• **Task requirements**
Go through the entries below and collect each line with the string "units" in it.

• **Exercise materials**

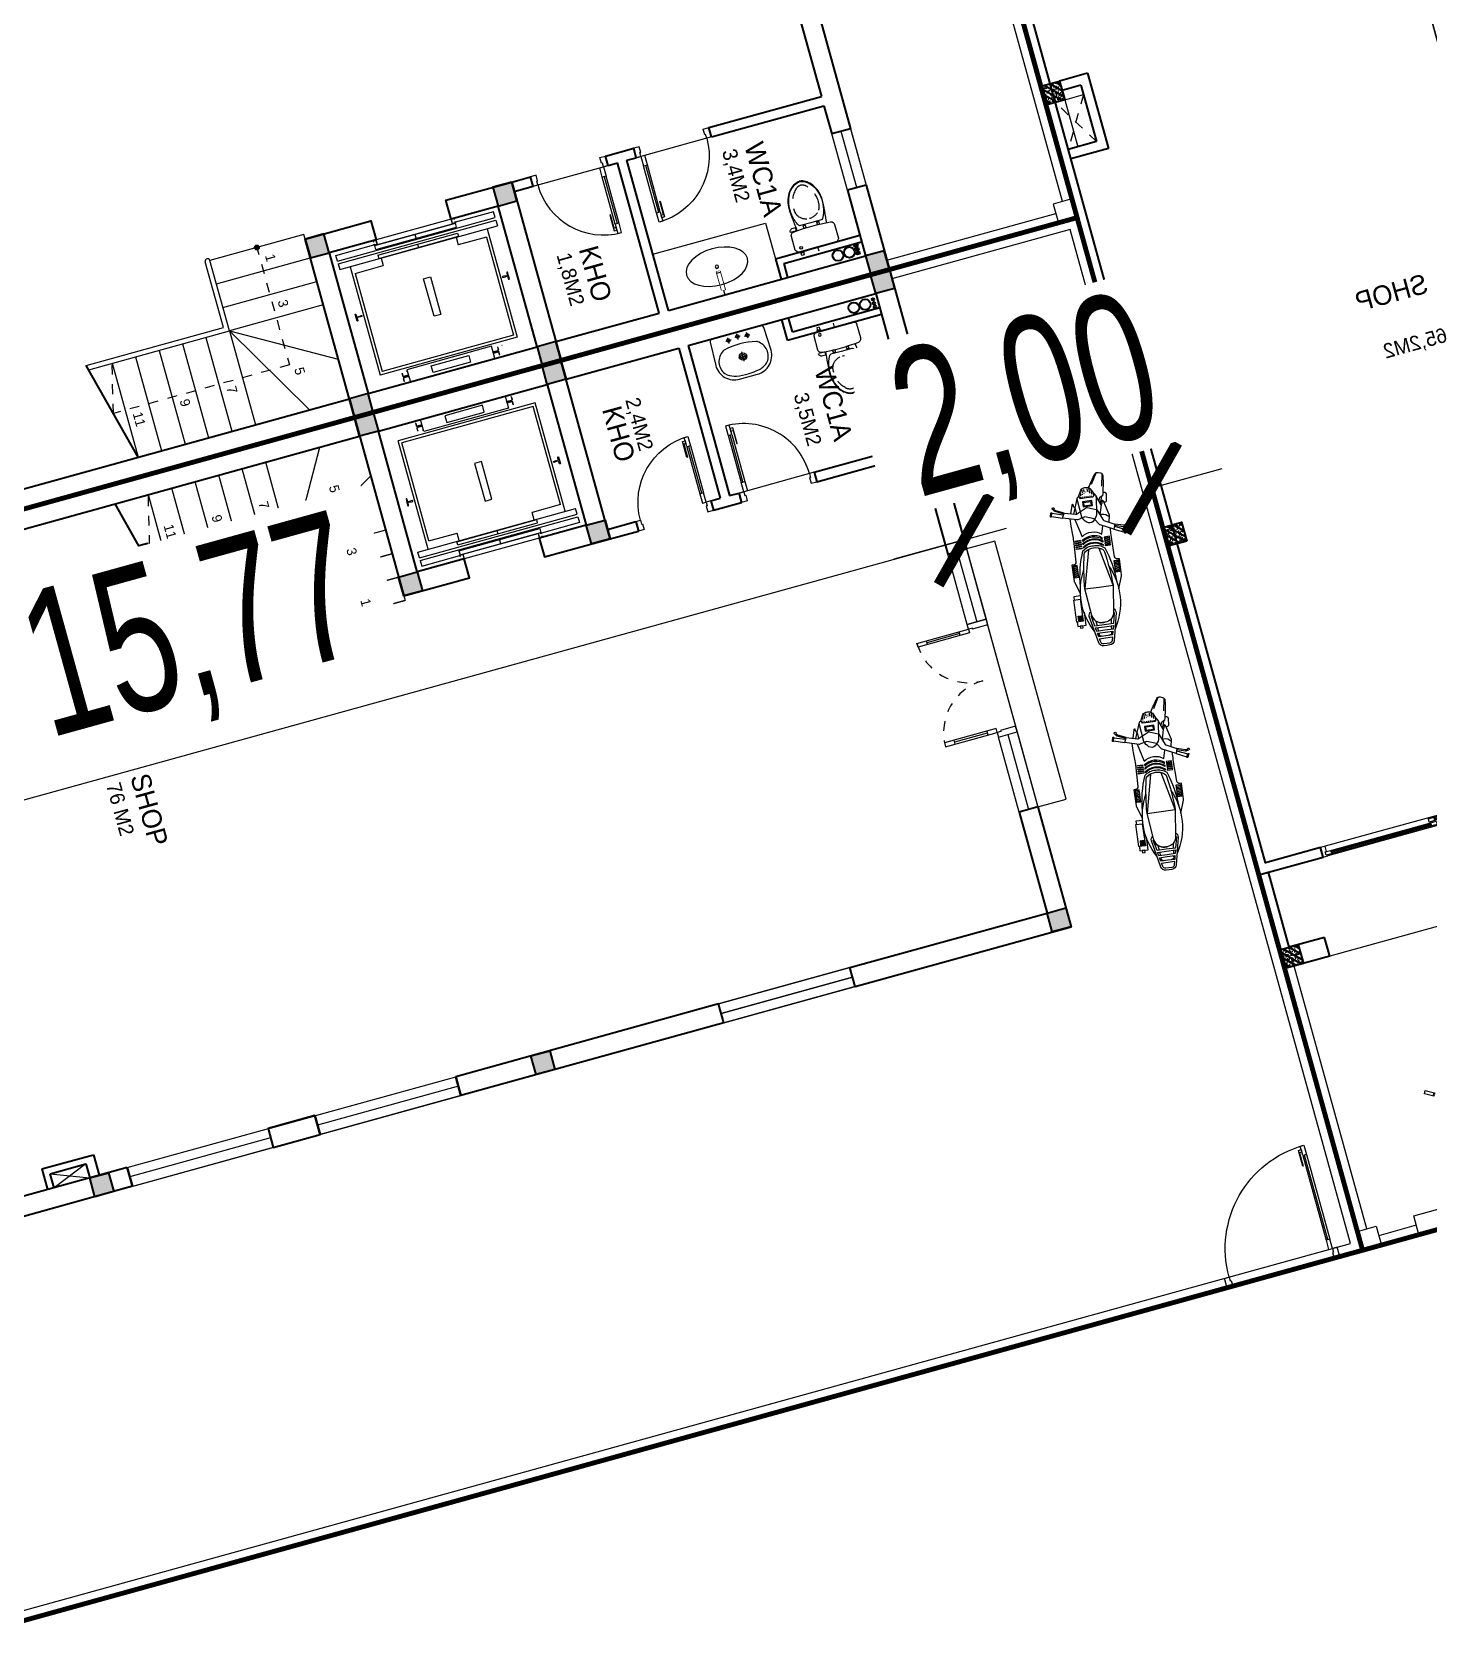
# Model space of a CAD drawing. Header units: metres. Extents: x 568336 to 569219, y 2065964 to 2066430.
# Drawn here: x 568460.49 to 568474.83, y 2066297.61 to 2066314.17 of the extents above; entities that cross this region are included whole.
import ezdxf

# ---------------------------------------------------------------- set-up
doc = ezdxf.new("R2010")
doc.units = ezdxf.units.M
for name, pattern in [('$AUDIT_BAD_LTYPE2', [0]), ('DASHDOT2', [0.5, 0.25, -0.125, 0, -0.125]), ('HIDDEN', [0.375, 0.25, -0.125]), ('HIDDEN2', [0.1875, 0.125, -0.0625]), ('xref-thap C (mb tang 32-2)$0$HIDDEN', [0.375, 0.25, -0.125])]:
    doc.linetypes.add(name, pattern=pattern)
doc.layers.get('0').update_dxf_attribs({"linetype": 'CONTINUOUS'})
doc.layers.get('DEFPOINTS').update_dxf_attribs({"linetype": 'CONTINUOUS'})
doc.layers.add('-AREA', color=2, linetype='CONTINUOUS', plot=False)
for name, color, linetype, lineweight in [('-CONCRETE', 1, 'CONTINUOUS', 35), ('-DIM', 9, 'CONTINUOUS', 13), ('-DOOR', 137, 'CONTINUOUS', 9), ('-FURNITURE', 46, 'CONTINUOUS', 9), ('-HATCH', 8, 'CONTINUOUS', 5), ('-HIDE', 3, 'HIDDEN', 13), ('-KH', 143, 'CONTINUOUS', 13), ('-LINE1', 7, 'CONTINUOUS', 18), ('-LINE2', 252, 'CONTINUOUS', 9), ('-STEEL1', 1, 'CONTINUOUS', 35), ('-TEXT', 7, 'CONTINUOUS', 15), ('-WALL', 4, 'CONTINUOUS', 35), ('TEXT25', 2, 'CONTINUOUS', 13)]:
    doc.layers.add(name, color=color, linetype=linetype, lineweight=lineweight)
doc.layers.add('-RANH GIOI LO DAT', color=12, linetype='CONTINUOUS')
doc.layers.add('1-NETMANH', color=8, linetype='CONTINUOUS')
doc.styles.add('KTHUOC', font='', dxfattribs={"width": 0.8})
doc.styles.add('SVN_AVO_thuong', font='')
doc.styles.add('T1', font='', dxfattribs={"height": 200})
doc.styles.add('vnavanth', font='', dxfattribs={"width": 0.8})
doc.styles.get('KTHUOC').set_extended_font_data('.VnArial NarrowH')
doc.styles.get('SVN_AVO_thuong').set_extended_font_data('SVN-Avo')
doc.styles.get('T1').set_extended_font_data('VNgeometric Light')
doc.styles.get('vnavanth').set_extended_font_data('.VnAvantH')
doc.dimstyles.new('tien', dxfattribs={"dimscale": 0, "dimtxt": 1.5, "dimasz": 0.75, "dimexe": 0.45, "dimexo": 0, "dimgap": 0.25, "dimtad": 1, "dimzin": 1, "dimtxsty": 'KTHUOC', "dimblk1": 'ARCHTICK', "dimblk2": 'ARCHTICK', "dimsah": 1, "dimcen": 1, "dimdle": 0.45, "dimclrd": 37, "dimclre": 37, "dimclrt": 7, "dimaunit": 1, "dimadec": 0, "dimazin": 0, "dimtfac": 1, "dimtix": 1, "dimtofl": 0, "dimtmove": 2, "dimatfit": 3, "dimldrblk": 'ARCHTICK', "dimfxl": 1, "dimtfill": 1, "dimtolj": 1, "dimtzin": 1, "dimarcsym": 0})

# ---------------------------------------------------------------- blocks, each defined once
blk = doc.blocks.new('X-5M-DH-2-CORE$0$A$C75E80C28')
at = {"layer": '-LINE2', "linetype": 'Continuous', "ltscale": 2}
for p, q in [((-731, -149), (731, -149)), ((-731, -1305), (-731, -149)), ((-557, -112), (-560, -112)), ((-510, -22), (-510, -51)), ((-507, -22), (-510, -22)), ((-510, -109), (-510, -79)), ((-507, -22), (-507, -51)), ((-507, -109), (-507, -79)), ((-456, -57), (-501, -57)), ((-456, -60), (-501, -60)), ((-456, -70), (-501, -70)), ((-456, -73), (-501, -73)), ((-453, -63), (-453, -67)), ((-450, -63), (-450, -67)), ((450, -63), (450, -67)), ((453, -63), (453, -67)), ((456, -57), (501, -57)), ((456, -60), (501, -60)), ((456, -70), (501, -70)), ((456, -73), (501, -73)), ((457, -112), (460, -112)), ((507, -22), (510, -22)), ((507, -22), (507, -51)), ((507, -109), (507, -79)), ((510, -22), (510, -51)), ((510, -109), (510, -79)), ((731, -1305), (731, -149)), ((-700, -179), (700, -179)), ((-700, -1225), (-700, -179)), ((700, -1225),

• **Your response**
# Model space of a CAD drawing. Header units: metres. Extents: x 568336 to 569219, y 2065964 to 2066430.
doc.units = ezdxf.units.M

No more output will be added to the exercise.